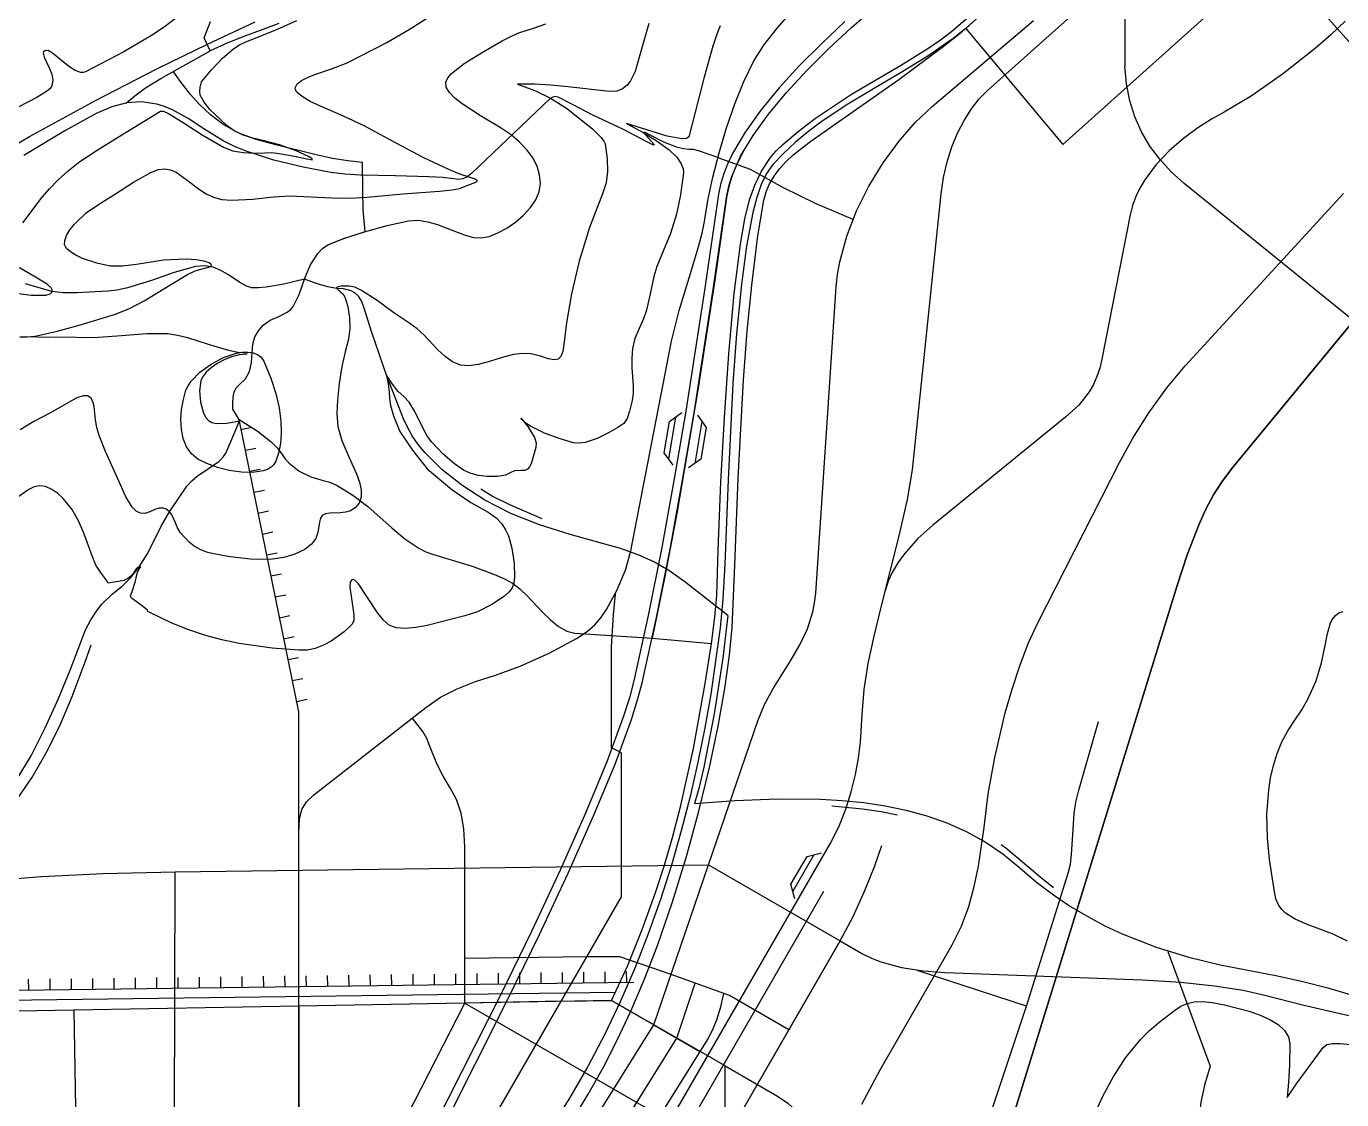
# Model space of a CAD drawing. Header units: millimetres. Extents: x 2 to 2848, y 1 to 2248.
# Drawn here: x 520.7 to 767.1, y 692.7 to 893.7 of the extents above; entities that cross this region are included whole.
import ezdxf

# ---------------------------------------------------------------- set-up
doc = ezdxf.new("R2010")
doc.units = ezdxf.units.MM
for name, color, linetype in [('100m', 7, 'CONTINUOUS'), ('1x', 7, 'CONTINUOUS'), ('1xx', 7, 'CONTINUOUS'), ('1x淵', 7, 'CONTINUOUS'), ('200m', 7, 'CONTINUOUS'), ('500m', 7, 'CONTINUOUS'), ('9x', 7, 'CONTINUOUS'), ('9xx', 7, 'CONTINUOUS'), ('9xx淵', 7, 'CONTINUOUS'), ('9x淵', 7, 'CONTINUOUS'), ('州境', 7, 'CONTINUOUS'), ('市街地', 7, 'CONTINUOUS'), ('新幹線', 7, 'CONTINUOUS'), ('汀洲市道', 7, 'CONTINUOUS'), ('汀洲電鉄', 7, 'CONTINUOUS'), ('河川・湖沼', 7, 'CONTINUOUS'), ('浦州市道', 7, 'CONTINUOUS'), ('浦州線', 7, 'CONTINUOUS'), ('濼水電鉄', 7, 'CONTINUOUS'), ('禾州新交通', 7, 'CONTINUOUS'), ('纜車・索道', 7, 'CONTINUOUS'), ('自轉車道・登山道', 7, 'CONTINUOUS'), ('西原電鉄', 7, 'CONTINUOUS'), ('車廠', 7, 'CONTINUOUS'), ('青空急行', 7, 'CONTINUOUS'), ('高速道路', 7, 'CONTINUOUS')]:
    doc.layers.add(name, color=color, linetype=linetype)

msp = doc.modelspace()

# ---------------------------------------------------------------- linework, layer by layer
at = {"layer": '100m', "color": 1}
for points in [[(548.627711, 895.14745), (546.540948, 893.564049), (544.128367, 891.962374), (538.968735, 888.933157), (531.812498, 885.17393), (531.371696, 885.031013), (530.896788, 885.03518), (529.869458, 885.403375), (528.780117, 886.115735), (527.678375, 887.009477), (525.636123, 888.689991), (524.794833, 889.1512), (524.139578, 889.14267), (523.939136, 888.951889), (523.869307, 888.683011), (524.036221, 887.945849), (524.999471, 885.918067), (525.454741, 884.766975), (525.665064, 883.617432), (525.459907, 882.539203), (525.148233, 882.048632), (524.668738, 881.60205), (522.661628, 880.400314), (519.203442, 878.586213)], [(520.041298, 856.89447), (523.661396, 861.691102), (525.027472, 863.28765), (526.643211, 864.960886), (528.541233, 866.669677), (530.754158, 868.37289), (533.958776, 870.509042), (537.782293, 872.89037), (545.852118, 877.81891), (546.399729, 877.806839), (547.317196, 877.394584), (550.052458, 875.693195), (553.639435, 873.362099), (557.659658, 871.04865), (559.405602, 870.393639), (561.33748, 870.042957), (563.356767, 869.940297), (565.364938, 870.02935), (566.672953, 870.042929), (568.09158, 869.909304), (570.930195, 869.39429), (573.219837, 868.872001), (574.299558, 868.73013), (574.19273, 868.950813), (573.579622, 869.329933), (571.242953, 870.376182), (568.106326, 871.494286), (564.986518, 872.30965), (563.128464, 872.733614), (561.319815, 873.325047), (559.656288, 874.117612), (558.233598, 875.14497), (555.106278, 878.131642), (553.984687, 879.493773), (553.285158, 880.79949), (553.19286, 881.510566), (553.265661, 882.320362), (553.508318, 883.32183), (555.403814, 885.558387), (557.460535, 887.72053), (559.591668, 889.535407), (560.658009, 890.227356), (561.710398, 890.73017), (567.77929, 893.144495), (571.365634, 894.785739)], [(650.670618, 893.79459), (650.027309, 892.253251), (649.282813, 890.007358), (647.639264, 884.207361), (644.776971, 873.01271), (644.368029, 872.670086), (643.477175, 872.607407), (640.728756, 873.14388), (633.109161, 875.52774), (636.210302, 873.819349), (638.846671, 872.220371), (641.104631, 870.60177), (642.527288, 869.194757), (643.355096, 867.982065), (643.726596, 867.016648), (643.780333, 866.35146), (643.211845, 862.123028), (642.481301, 858.497564), (641.374339, 854.91985), (639.676598, 850.83467), (638.81656, 848.718098), (638.238863, 846.84859), (637.557581, 843.587913), (636.886921, 840.526933), (636.322505, 838.907049), (635.481058, 837.13995), (634.685458, 835.267338), (634.258335, 833.393034), (634.106028, 831.544548), (634.134873, 829.749392), (634.361368, 826.429117), (634.371693, 824.959021), (634.188518, 823.6523), (633.687749, 821.637545), (633.251548, 820.286362), (632.612157, 819.343423), (631.501818, 818.5534), (629.779086, 817.574695), (627.652528, 816.504987), (625.379315, 815.748086), (624.268079, 815.613128), (623.216618, 815.7078), (620.723973, 816.429373), (617.780698, 817.541538), (615.123728, 818.823333), (614.1329, 819.458792), (613.489998, 820.0538), (613.29955, 820.345113), (613.517847, 820.157348), (614.659813, 818.761263), (615.874177, 816.698895), (616.18297, 815.678279), (616.119218, 814.8036), (615.256508, 811.791075), (614.977884, 811.212207), (614.597217, 810.778378), (614.076072, 810.527254), (613.376018, 810.4965), (612.152341, 810.452689), (611.348351, 810.103113), (610.450689, 809.672255), (608.945998, 809.3846), (607.048256, 809.377738), (605.332558, 809.60765), (603.827175, 810.026638), (602.560378, 810.587), (600.927553, 811.747081), (598.743401, 813.663575), (596.665302, 815.836306), (595.871454, 816.862456), (595.350638, 817.7651), (593.478541, 821.58855), (592.400553, 823.310281), (591.398078, 824.3743), (590.373311, 825.336448), (589.317643, 826.670055), (588.159378, 828.36341), (588.46828, 826.662217), (588.659545, 825.233975), (588.702138, 824.0413), (588.903118, 822.66527), (589.474401, 820.773738), (590.637938, 817.8268), (593.04906, 814.355688), (595.811858, 810.835), (600.429898, 806.9867), (603.959433, 804.5068), (607.201658, 802.6952), (608.706021, 801.65298), (609.760642, 800.543512), (610.48528, 799.400539), (610.999698, 798.2578), (611.65845, 795.95167), (612.082551, 793.187412), (612.138195, 790.533648), (611.986032, 789.425896), (611.691578, 788.559), (611.137456, 787.800507), (610.269585, 786.995537), (607.905195, 785.395925), (605.223613, 784.059675), (602.850038, 783.2863), (599.892396, 782.523072), (595.790856, 781.497925), (593.662253, 781.11229), (591.669031, 780.931366), (589.951642, 781.045214), (588.650538, 781.5439), (587.602486, 782.487697), (586.564191, 783.774114), (584.5981, 786.758912), (582.914734, 789.266505), (582.229843, 789.956414), (581.93548, 790.093033), (581.676558, 790.0651), (581.361957, 789.580293), (581.319588, 788.678161), (581.691511, 786.137113), (582.072257, 783.472333), (582.040918, 782.415537), (581.741758, 781.7142), (580.224139, 780.329409), (577.787523, 778.580625), (576.348317, 777.796159), (574.827834, 777.192403), (573.275564, 776.859927), (571.740998, 776.8893), (566.753596, 777.227006), (560.599258, 778.130475), (557.333937, 778.819472), (554.07622, 779.680031), (550.925887, 780.722194), (547.982718, 781.956), (543.469198, 784.130938), (543.378577, 784.350183), (542.182958, 785.3236), (540.586861, 786.469542), (540.282111, 786.783803), (540.218531, 787.054212), (540.551784, 787.849352), (541.060438, 789.6267), (541.53254, 791.472742), (541.960793, 792.257638), (542.125954, 792.428639), (541.808778, 792.433), (541.524414, 792.356384), (541.273139, 792.093219), (540.692223, 791.23035), (540.273762, 790.742199), (539.710754, 790.290606), (538.958789, 789.931348), (537.973458, 789.7202), (536.428361, 789.457511), (536.01539, 789.426938), (535.739554, 789.987345), (534.605858, 791.4976), (533.748271, 792.806204), (533.004639, 794.54402), (531.468283, 798.807662), (530.48008, 801.083675), (529.214875, 803.289273), (527.574927, 805.299551), (526.583882, 806.19241), (525.462498, 806.9896), (524.30908, 807.512557), (523.217674, 807.638639), (522.169675, 807.436061), (521.146482, 806.973034), (519.100094, 805.538487)], [(518.30497, 843.773087), (521.593605, 843.357952), (524.332037, 843.374087), (525.195831, 843.597818), (525.563158, 843.99409), (525.536961, 844.352782), (525.35554, 844.710838), (524.607447, 845.428522), (522.133218, 846.894515), (519.427239, 848.447695)], [(768.164512, 722.392103), (765.499588, 723.704281), (760.492033, 725.572225), (758.346721, 726.483172), (756.571935, 727.615556), (755.854321, 728.320285), (755.266335, 729.146969), (754.82031, 730.117808), (754.52858, 731.255), (753.555461, 737.649369), (753.186756, 741.704338), (753.088868, 746.104775), (753.405979, 750.680891), (753.765218, 752.981768), (754.282275, 755.262894), (754.975175, 757.503044), (755.861941, 759.680994), (756.960595, 761.775521), (758.28916, 763.7654), (759.611561, 765.67981), (760.698927, 767.555406), (762.283836, 771.15013), (763.274446, 774.469517), (763.901318, 777.433513), (764.395011, 779.962063), (764.986085, 781.975114), (765.390191, 782.76331), (765.905102, 783.392611), (766.559638, 783.85301), (767.38262, 784.1345)], [(720.872206, 690.050434), (722.36397, 693.36915), (724.248096, 696.92076), (726.583752, 700.521969), (729.430104, 703.98948), (731.063281, 705.61582), (732.84632, 707.14), (735.755349, 709.402764), (736.960075, 710.178244), (738.15209, 710.715287), (739.446754, 711.013021), (740.959426, 711.070567), (742.805468, 710.887052), (745.10024, 710.4616), (749.739025, 709.259511), (751.812461, 708.522411), (753.643125, 707.684062), (755.171916, 706.736556), (756.339733, 705.671983), (757.087474, 704.482434), (757.35604, 703.16), (757.295624, 699.158202), (757.12527, 695.960787), (756.8657, 693.0743), (758.715358, 695.813325), (763.5995, 702.4534), (764.30915, 703.001153), (765.347507, 703.216089), (766.812804, 703.185028), (768.803275, 702.994787)]]:
    msp.add_lwpolyline(points, dxfattribs=at)
at = {"layer": '1x', "color": 1}
for points in [[(571.722878, 658.6481), (571.722878, 710.2182), (571.722878, 742.7857), (571.85037, 745.231072), (572.296726, 747.048225), (573.157767, 748.479241), (574.529313, 749.7662), (595.522281, 766.1631), (598.304329, 768.039334), (601.396695, 769.61465), (604.811012, 770.973291), (608.55891, 772.1995), (613.17359, 773.872705), (618.646328, 776.300437), (623.734326, 779.025227), (625.745672, 780.356057), (627.194784, 781.5896), (628.307438, 782.914288), (629.395521, 784.506711), (631.393235, 788.194512), (632.978442, 792.052508), (633.941659, 795.4802), (641.526998, 834.71512), (642.966178, 840.497709), (644.839357, 846.627215), (646.599842, 852.413333), (647.266984, 854.961902), (647.700944, 857.16576), (648.37874, 861.092947), (649.316914, 865.438262), (650.486871, 870.021531), (651.860012, 874.662579), (653.40774, 879.181232), (655.101456, 883.397316), (656.912564, 887.130657), (658.812465, 890.20108), (661.3927, 893.444938), (665.052087, 897.603432)], [(598.590204, 643.1363), (604.969784, 653.3659), (638.208065, 706.6794), (648.449345, 736.6806), (657.710185, 763.6214), (658.985809, 766.677398), (660.541655, 769.544894), (663.979721, 775.055625), (665.604798, 777.869486), (666.995806, 780.836094), (668.024174, 784.040761), (668.362189, 785.759027), (668.561329, 787.5688), (672.39662, 844.91145), (672.64223, 847.246896), (673.061361, 849.615207), (674.371672, 854.396558), (676.230528, 859.147767), (678.540906, 863.7611), (681.205781, 868.128821), (684.12813, 872.143194), (687.210927, 875.696486), (690.35715, 878.68096), (709.34788, 894.76509)], [(620.339244, 880.46213), (619.619279, 880.532339), (619.195831, 880.392455), (618.779565, 880.09884), (604.078358, 866.15237), (603.270758, 865.516536), (602.479516, 865.157213), (601.665229, 865.037585), (600.788494, 865.12084)], [(650.213569, 869.10659), (646.578423, 870.40611), (645.649918, 870.619126), (644.801465, 870.660515), (643.865122, 870.732557), (642.672946, 871.03753), (640.134332, 872.039753), (637.691724, 873.28259), (636.603925, 873.839814), (636.398655, 873.877047), (636.371528, 873.787288), (637.33028, 872.66721), (638.282666, 871.550807), (638.251957, 871.463115), (638.042311, 871.502875), (636.943371, 872.06653), (632.574372, 874.349681), (626.840586, 877.09454), (623.02865, 879.041431), (620.339244, 880.46213)], [(600.788494, 865.12084), (598.691312, 865.386832), (596.071028, 865.542231), (589.858696, 865.677302), (583.346588, 865.838162), (580.351583, 866.025797), (577.729793, 866.33692), (572.573898, 867.311097), (567.071595, 868.657989), (561.858694, 870.329366), (559.559459, 871.271666), (557.571003, 872.277), (554.147133, 874.390514), (551.017049, 876.416333), (548.053594, 878.091357), (546.594614, 878.715104), (545.129607, 879.15249), (542.275037, 879.539095), (539.516944, 879.368814), (536.723775, 878.646036), (533.763981, 877.37515), (527.931304, 874.130755), (520.261455, 869.49394)], [(650.213569, 869.10659), (656.260268, 866.94496), (662.480979, 863.53058), (668.561964, 860.515815), (675.53041, 857.59051)], [(514.140149, 733.761294), (523.55832, 734.495675), (535.117021, 735.052869), (548.6048, 735.3764), (648.44934, 736.6806)]]:
    msp.add_lwpolyline(points, dxfattribs=at)
at = {"layer": '1xx', "color": 2}
for points in [[(539.37664, 879.33957), (540.996581, 880.704495), (543.027567, 882.164276), (545.87795, 883.92327)], [(527.110927, 549.3478), (573.120989, 628.394), (625.678691, 719.4266), (632.168477, 730.6672), (632.168477, 757.6345), (630.30171, 758.57), (630.30171, 767.8309), (630.30171, 777.4885), (630.666472, 783.483012), (631.031234, 787.3443)], [(575.11055, 656.6534), (589.329284, 684.3893), (602.849202, 710.78), (602.849202, 740.05), (602.67618, 743.403803), (602.156625, 746.342125), (601.289804, 748.895959), (600.074985, 751.0963), (598.768604, 753.248122), (597.660662, 755.46195), (596.238526, 759.0338), (595.704192, 760.305073), (594.940414, 761.613537), (592.997381, 764.1932)], [(663.544457, 705.7521), (652.424945, 712.172), (641.515349, 716.1383), (631.891958, 719.4266), (625.678695, 719.4266), (602.858143, 719.1332)], [(620.877248, 711.1103), (602.849202, 710.78), (571.722878, 710.2183), (529.629681, 709.4576), (508.496082, 709.0831)], [(529.629681, 709.4576), (529.934796, 691.1737), (521.27578, 670.5448)]]:
    msp.add_lwpolyline(points, dxfattribs=at)
at = {"layer": '1x淵', "color": 1}
for points in [[(571.722878, 658.6481), (571.722878, 710.2182), (571.722878, 742.7857), (571.85037, 745.231072), (572.296726, 747.048225), (573.157767, 748.479241), (574.529313, 749.7662), (595.522281, 766.1631), (598.304329, 768.039334), (601.396695, 769.61465), (604.811012, 770.973291), (608.55891, 772.1995), (613.17359, 773.872705), (618.646328, 776.300437), (623.734326, 779.025227), (625.745672, 780.356057), (627.194784, 781.5896), (628.307438, 782.914288), (629.395521, 784.506711), (631.393235, 788.194512), (632.978442, 792.052508), (633.941659, 795.4802), (641.526998, 834.71512), (642.966178, 840.497709), (644.839357, 846.627215), (646.599842, 852.413333), (647.266984, 854.961902), (647.700944, 857.16576), (648.37874, 861.092947), (649.316914, 865.438262), (650.486871, 870.021531), (651.860012, 874.662579), (653.40774, 879.181232), (655.101456, 883.397316), (656.912564, 887.130657), (658.812465, 890.20108), (661.3927, 893.444938), (665.052087, 897.603432)], [(604.969784, 653.3659), (638.208065, 706.6794), (648.449345, 736.6806), (657.710185, 763.6214), (658.985809, 766.677398), (660.541655, 769.544894), (663.979721, 775.055625), (665.604798, 777.869486), (666.995806, 780.836094), (668.024174, 784.040761), (668.362189, 785.759027), (668.561329, 787.5688), (672.39662, 844.91145), (672.64223, 847.246896), (673.061361, 849.615207), (674.371672, 854.396558), (676.230528, 859.147767), (678.540906, 863.7611), (681.205781, 868.128821), (684.12813, 872.143194), (687.210927, 875.696486), (690.35715, 878.68096), (709.34788, 894.76509)], [(514.140149, 733.761294), (523.55832, 734.495675), (535.117021, 735.052869), (548.6048, 735.3764), (648.44934, 736.6806)]]:
    msp.add_lwpolyline(points, dxfattribs=at)
at = {"layer": '200m', "color": 1}
for points in [[(519.47598, 835.56527), (520.869753, 835.548934), (522.351537, 835.70122), (526.490368, 836.593047), (530.627162, 837.746408), (537.412174, 839.81717), (540.044569, 840.835925), (542.755893, 842.284401), (547.608506, 845.24274), (550.917636, 847.242246), (552.331033, 847.913134), (553.875976, 848.3297), (555.061358, 848.654183), (555.311479, 848.839446), (555.360992, 849.031285), (554.941503, 849.408387), (553.969516, 849.73287), (552.522502, 849.959419), (550.672078, 850.071965), (546.392425, 849.91996), (541.352724, 849.113136), (538.723252, 848.775499), (536.383182, 848.79742), (533.921797, 849.320685), (531.214858, 850.247359), (529.98855, 850.823607), (528.963947, 851.454666), (528.228747, 852.125189), (527.870648, 852.81983), (527.902621, 853.609842), (528.24921, 854.544555), (528.86547, 855.575736), (529.706456, 856.65515), (531.882823, 858.765745), (534.418751, 860.49047), (537.38586, 862.316042), (540.756379, 864.501178), (544.021661, 866.317984), (545.455886, 866.860798), (546.673058, 867.03857), (547.738221, 866.843974), (548.774882, 866.376428), (550.859167, 864.898721), (553.118847, 863.157932), (554.374753, 862.361531), (555.746858, 861.70654), (557.327943, 861.294336), (559.138144, 861.137673), (563.10649, 861.335479), (566.97309, 861.788973), (570.059141, 861.98717), (577.996889, 861.580822), (581.358321, 861.51908), (584.464971, 861.70654), (591.293707, 862.337964), (598.122444, 862.82907), (600.475668, 863.06001), (601.864217, 863.343566), (603.922192, 864.13869), (604.917562, 864.540639), (605.220119, 864.828581), (604.803555, 865.098983), (603.641559, 865.44831), (601.903681, 866.031503), (599.841321, 866.886557), (595.129025, 869.09654), (589.984087, 871.809329), (583.99725, 875.08338), (580.085928, 876.891417), (575.788735, 878.743301), (573.890077, 879.655541), (572.36852, 880.542568), (571.38192, 881.392323), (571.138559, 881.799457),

□ □ □ □ □

In the records above, find each line that holds the word "linetype"; copy all such lines.

for name, color, linetype in [('100m', 7, 'CONTINUOUS'), ('1x', 7, 'CONTINUOUS'), ('1xx', 7, 'CONTINUOUS'), ('1x淵', 7, 'CONTINUOUS'), ('200m', 7, 'CONTINUOUS'), ('500m', 7, 'CONTINUOUS'), ('9x', 7, 'CONTINUOUS'), ('9xx', 7, 'CONTINUOUS'), ('9xx淵', 7, 'CONTINUOUS'), ('9x淵', 7, 'CONTINUOUS'), ('州境', 7, 'CONTINUOUS'), ('市街地', 7, 'CONTINUOUS'), ('新幹線', 7, 'CONTINUOUS'), ('汀洲市道', 7, 'CONTINUOUS'), ('汀洲電鉄', 7, 'CONTINUOUS'), ('河川・湖沼', 7, 'CONTINUOUS'), ('浦州市道', 7, 'CONTINUOUS'), ('浦州線', 7, 'CONTINUOUS'), ('濼水電鉄', 7, 'CONTINUOUS'), ('禾州新交通', 7, 'CONTINUOUS'), ('纜車・索道', 7, 'CONTINUOUS'), ('自轉車道・登山道', 7, 'CONTINUOUS'), ('西原電鉄', 7, 'CONTINUOUS'), ('車廠', 7, 'CONTINUOUS'), ('青空急行', 7, 'CONTINUOUS'), ('高速道路', 7, 'CONTINUOUS')]:
    doc.layers.add(name, color=color, linetype=linetype)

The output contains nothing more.